10 jul. 2005

Most of Monk's compositions are not conventionally good vehicles for jazz improvisation. The slower ballads are especially recalcitrant to simple blowing over the changes, and are not really played that much by other musicians. I'm thinking of "Crepuscule for Nellie" or "Pannonica," or even "Ruby, My Dear." The many blues and blues-like compositions and certain up-tempo numbers are played more often: "Straight No Chaser," "Well You Needn't," or even "Bemsha Swing," from where this blog got its name. "Round Midnght" may be the most familiar tune in the Monk book.

Another fascinating aspect is how quickly simplicity can change to complexity. There are compositions like "Thelonious" that are barely more than one note. Yet his music can be extremely difficult to play correctly. This is a composer's music, and the compositions themselves can get in the way of certain standard jazz practices. You can see critics complaining about the repetitions and the monotonous format in the Monk discography in the Columbia years. Yet most of the tunes he wrote appear only a few times, and some only once.
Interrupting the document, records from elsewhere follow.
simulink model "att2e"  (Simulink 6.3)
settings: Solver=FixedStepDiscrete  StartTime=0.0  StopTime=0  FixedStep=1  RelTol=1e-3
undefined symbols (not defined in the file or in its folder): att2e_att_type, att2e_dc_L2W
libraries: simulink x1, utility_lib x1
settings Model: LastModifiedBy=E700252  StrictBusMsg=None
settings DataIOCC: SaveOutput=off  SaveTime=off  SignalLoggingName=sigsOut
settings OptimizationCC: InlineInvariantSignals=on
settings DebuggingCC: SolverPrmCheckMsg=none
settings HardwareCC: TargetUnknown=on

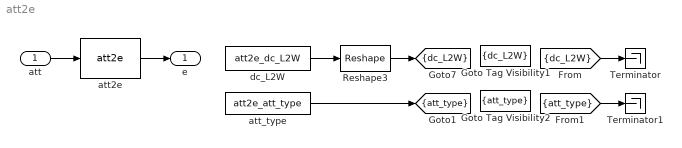
== system att2e ==
  att : Inport
  Goto Tag Visibility1 : GotoTagVisibility  GotoTag=dc_L2W
  Goto Tag Visibility2 : GotoTagVisibility  GotoTag=att_type
  Reshape3 : simulink/Math Operations/Reshape  OutputDimensionality=1-D array  OutputDimensions=[3 3]
  Terminator : Terminator
  Terminator1 : Terminator
  att2e : utility_lib/att2e  quat_IC=att2e_quat_IC
  att_type : Constant  Value=att2e_att_type
  dc_L2W : Constant  Value=att2e_dc_L2W
  e : Outport
  tag scope: att_type=scoped, dc_L2W=scoped
  wires:
  att/1 -> att2e/1
  att2e/1 -> e/1
  dc_L2W/1 -> Reshape3/1
  Reshape3/1 -> [dc_L2W]
  [dc_L2W] -> Terminator/1
  [att_type] -> Terminator1/1
  att_type/1 -> [att_type]
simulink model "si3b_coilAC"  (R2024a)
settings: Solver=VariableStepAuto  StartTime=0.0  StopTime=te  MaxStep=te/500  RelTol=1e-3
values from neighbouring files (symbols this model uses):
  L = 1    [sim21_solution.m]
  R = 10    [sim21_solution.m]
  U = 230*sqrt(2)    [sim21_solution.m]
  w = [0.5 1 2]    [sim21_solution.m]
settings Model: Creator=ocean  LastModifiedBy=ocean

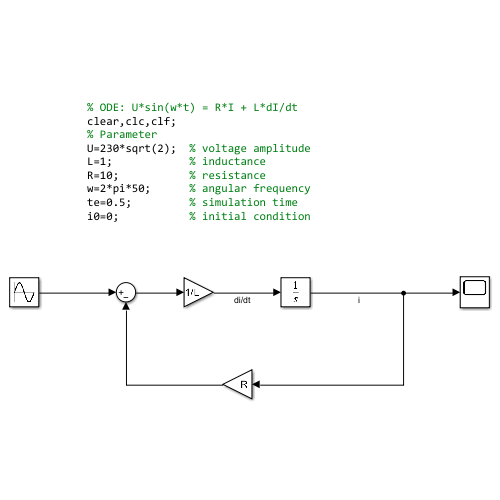
[thumbnail: Simulink's stored preview of the top-level diagram]
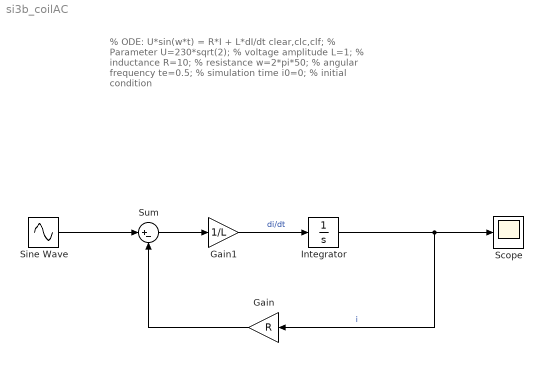
== system si3b_coilAC ==
  note: % ODE: U*sin(w*t) = R*I + L*dI/dt
      | clear,clc,clf;
      | % Parameter
      | U=230*sqrt(2); % voltage amplitude
      | L=1; % inductance
      | R=10; % resistance
      | w=2*pi*50; % angular frequency
      | te=0.5; % simulation time
      | i0=0; % initial condition
  Gain : Gain  Gain=R
  Gain1 : Gain  Gain=1/L
  Integrator : Integrator
  Scope : Scope
  Sine Wave : Sin  Amplitude=U  Frequency=w  SampleTime=0
  Sum : Sum  Inputs=|+-
  wires:
  Integrator/1 -> Gain/1, Scope/1  "i"
  Sine Wave/1 -> Sum/1
  Sum/1 -> Gain1/1
  Gain1/1 -> Integrator/1  "di/dt"
  Gain/1 -> Sum/2
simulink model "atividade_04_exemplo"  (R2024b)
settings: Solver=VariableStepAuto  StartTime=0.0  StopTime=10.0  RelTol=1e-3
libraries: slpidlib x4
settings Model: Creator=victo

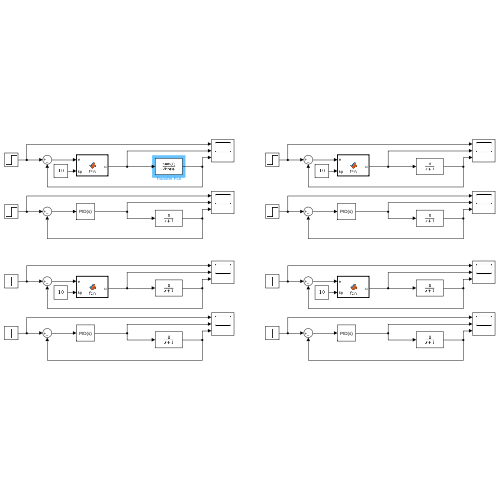
[thumbnail: Simulink's stored preview of the top-level diagram]
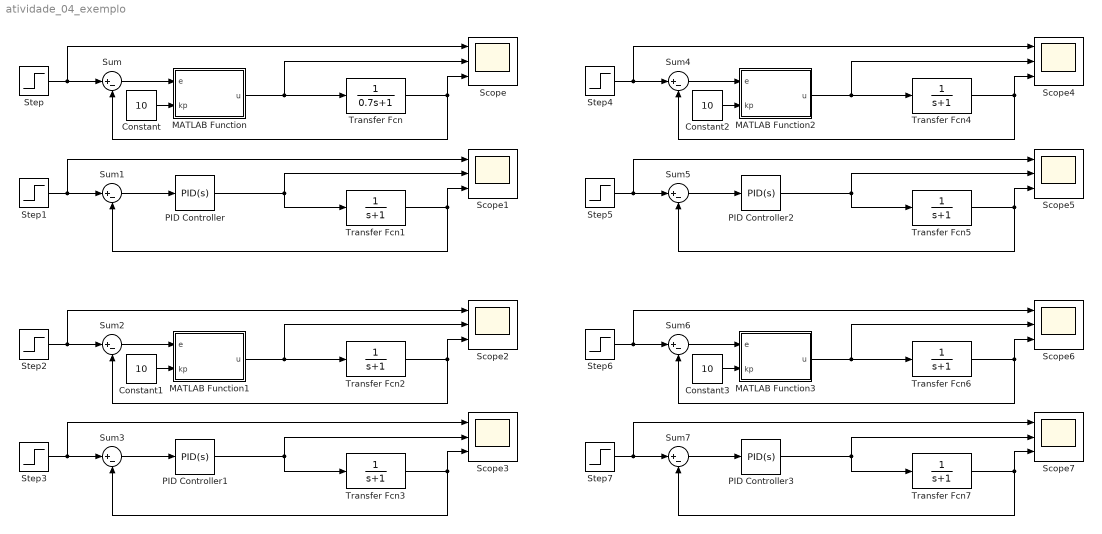
== system atividade_04_exemplo ==
  Constant{,1..3} (4 alike) : Constant  Value=10
  MATLAB Function : MATLAB Function  TreatAsAtomicUnit=on
  MATLAB Function1 : MATLAB Function  TreatAsAtomicUnit=on
  MATLAB Function2 : MATLAB Function  TreatAsAtomicUnit=on
  MATLAB Function3 : MATLAB Function  TreatAsAtomicUnit=on
  PID Controller{,1..3} (4 alike) : slpidlib/PID Controller  Controller=PID  Form=Parallel  TimeDomain=Continuous-time  UseExternalTs=off  SampleTime=-1  IntegratorMethod=Forward Euler  FilterMethod=Forward Euler  ControllerParametersSource=internal  P=10  I=0  UseKiTs=off  D=0  UseExternalDerivativeSource=off  N=100  UseFilter=on  TunerSelectOption=Transfer Function Based (PID Tuner App)  InitialConditionSource=internal  InitialConditionForIntegrator=0  InitialConditionForFilter=0  DifferentiatorICPrevScaledInput=0  ExternalReset=none  TrackingMode=off  Kt=1  LimitOutput=off  SatLimitsSource=internal  UpperSaturationLimit=inf  LowerSaturationLimit=-inf  LinearizeAsGain=on  AntiWindupMode=none  Kb=1  LimitIntegrator=off  UpperIntegratorSaturationLimit=inf  LowerIntegratorSaturationLimit=-inf  POutMin=[]  POutMax=[]  IOutMin=[]  IOutMax=[]  DOutMin=[]  DOutMax=[]  NOutMin=[]  NOutMax=[]  SumOutMin=[]  SumOutMax=[]  SaturationOutMin=[]  SaturationOutMax=[]  PParamMin=[]  PParamMax=[]  IParamMin=[]  IParamMax=[]  DParamMin=[]  DParamMax=[]  NParamMin=[]  NParamMax=[]  KbParamMin=[]  KbParamMax=[]  KtParamMin=[]  KtParamMax=[]  KbOutMin=[]  KbOutMax=[]  KtOutMin=[]  KtOutMax=[]  IntegratorOutMin=[]  IntegratorOutMax=[]  FilterOutMin=[]  FilterOutMax=[]  SumI1OutMin=[]  SumI1OutMax=[]  SumI2OutMin=[]  SumI2OutMax=[]  SumI3OutMin=[]  SumI3OutMax=[]  SumI4OutMin=[]  SumI4OutMax=[]  SumDOutMin=[]  SumDOutMax=[]  DifferentiatorOutMin=[]  DifferentiatorOutMax=[]  FilterDiffOutCoefMin=[]  FilterDiffOutCoefMax=[]  ReciprocalOutMin=[]  ReciprocalOutMax=[]  SumDenOutMin=[]  SumDenOutMax=[]  SumNumOutMin=[]  SumNumOutMax=[]  DivideOutMin=[]  DivideOutMax=[]  UdiffTsProdOutMin=[]  UdiffTsProdOutMax=[]  NTsProdOutMin=[]  NTsProdOutMax=[]  UintegralTsProdOutMin=[]  UintegralTsProdOutMax=[]  UngainTsProdOutMin=[]  UngainTsProdOutMax=[]  ClampingZeroOutDataTypeStr=Inherit: Inherit via back propagation  ClampingZeroOutMin=[]  ClampingZeroOutMax=[]  FilterDenConstantOutDataTypeStr=Inherit: Inherit via back propagation  FilterDenConstantOutMin=[]  FilterDenConstantOutMax=[]  PCopyOutDataTypeStr=Inherit: Inherit via back propagation  PCopyOutMin=[]  PCopyOutMax=[]  NCopyOutDataTypeStr=Inherit: Inherit via back propagation  NCopyOutMin=[]  NCopyOutMax=[]  IntegratorContinuousStateAttributes=''  IntegratorStateMustResolveToSignalObject=off  IntegratorRTWStateStorageClass=Auto  FilterContinuousStateAttributes=''  FilterStateMustResolveToSignalObject=off  FilterRTWStateStorageClass=Auto  ParallelPVariant=InternalParameters  IdealPVariant=Disabled  IVariant=InternalParameters  DVariant=InternalParameters  IntegratorVariant=Continuous  SatVariant=Disabled  AWVariant=Passthrough  PCopyVariant=Disabled  TRVariant=Disabled  FdbkBlocksVariant=Forward  IdealPFdbkVariant=Disabled  SatFdbkVariant=Disabled  DerivativeFilterVariant=ContFilter  NVariant=InternalParameters  NCopyVariant=Disabled  FilterICVariant=InternalICsFilter  IntegratorICVariant=InternalICs  ExternalResetVariant=Disabled  TRSumVariant=Passthrough  SumFdbkVariant=Disabled  SumVariant=Sum_PID  TsampFilterVariant=InternalTs  TsampNgainVariant=Passthrough  TsampIntegralVariant=Disabled_SignalSpec  ExternalSaturationOutDataTypeStr=Inherit: Same as second input  DerivativeSourceVariant=ErrorSignal  PreIntVariant=InternalPreInt
  Scope{,1..7} (8 alike) : Scope  NumInputPorts=3
  Step{,1..7} (8 alike) : Step  SampleTime=0
  Sum{,1..7} (8 alike) : Sum  Inputs=|+-
  Transfer Fcn : TransferFcn  Denominator=[0.7 1]
  Transfer Fcn{1..7} (7 alike) : TransferFcn  Denominator=[1 1]
  wires:
  Step/1 -> Scope/1, Sum/1
  Sum/1 -> MATLAB Function/1(e)
  MATLAB Function/1(u) -> Scope/2, Transfer Fcn/1
  Transfer Fcn/1 -> Scope/3, Sum/2
  Constant/1 -> MATLAB Function/2(kp)
  Transfer Fcn1/1 -> Scope1/3, Sum1/2
  Sum1/1 -> PID Controller/1
  Step1/1 -> Scope1/1, Sum1/1
  PID Controller/1 -> Transfer Fcn1/1, Scope1/2
  Transfer Fcn3/1 -> Scope3/3, Sum3/2
  Transfer Fcn2/1 -> Scope2/3, Sum2/2
  Sum3/1 -> PID Controller1/1
  Constant1/1 -> MATLAB Function1/2(kp)
  MATLAB Function1/1(u) -> Scope2/2, Transfer Fcn2/1
  PID Controller1/1 -> Transfer Fcn3/1, Scope3/2
  Sum2/1 -> MATLAB Function1/1(e)
  Step3/1 -> Scope3/1, Sum3/1
  Step2/1 -> Scope2/1, Sum2/1
  Transfer Fcn5/1 -> Scope5/3, Sum5/2
  Transfer Fcn4/1 -> Scope4/3, Sum4/2
  Sum5/1 -> PID Controller2/1
  Constant2/1 -> MATLAB Function2/2(kp)
  MATLAB Function2/1(u) -> Scope4/2, Transfer Fcn4/1
  PID Controller2/1 -> Transfer Fcn5/1, Scope5/2
  Sum4/1 -> MATLAB Function2/1(e)
  Step5/1 -> Scope5/1, Sum5/1
  Step4/1 -> Scope4/1, Sum4/1
  Transfer Fcn7/1 -> Scope7/3, Sum7/2
  Transfer Fcn6/1 -> Scope6/3, Sum6/2
  Sum7/1 -> PID Controller3/1
  Constant3/1 -> MATLAB Function3/2(kp)
  MATLAB Function3/1(u) -> Scope6/2, Transfer Fcn6/1
  PID Controller3/1 -> Transfer Fcn7/1, Scope7/2
  Sum6/1 -> MATLAB Function3/1(e)
  Step7/1 -> Scope7/1, Sum7/1
  Step6/1 -> Scope6/1, Sum6/1

== matlab function atividade_04_exemplo/MATLAB Function ==
  data: e input; u output; kp input
function u = fcn(e, kp)

u = kp*e;

== matlab function atividade_04_exemplo/MATLAB Function2 ==
  data: e input; u output; kp input
function u = fcn(e, kp)

u = kp*e;

== matlab function atividade_04_exemplo/MATLAB Function3 ==
  data: e input; u output; kp input
function u = fcn(e, kp)

u = kp*e;

== matlab function atividade_04_exemplo/MATLAB Function1 ==
  data: e input; u output; kp input
function u = fcn(e, kp)

u = kp*e;

I feel I understand so little about this music, and don't even quite understand my own fascination with it. Certainly his approach to rhythm is quite distinctive, and quite distinct from the bebop norm. The harmonies are wonderfully angular as well. Then there's the peculiar sound and technique of his piano playing.

2 comentarios:

Taylor Brady dijo...

Jonathan,

Wondering if you've heard the new "Monk's Casino" recordings by Alexander von Schlippenbach? It's a box-set recording of what purports to be all of Monk's compositions. Interesting, your comments re: composition, in this regard. Schlippenbach and the rest of the band are all coming out of "post-jazz" Euro-improv (though admittedly, in S's case, with years of deep engagement with Monk). The first thing that struck me while listening to these sets was indeed how little there is of free blowing in any of it, how much, even when further taken apart harmonically and rhythmically (tho' some are read fairly straight) these compositions ask to remain compositions first, and occasions for tangents and lines of flight a distant second.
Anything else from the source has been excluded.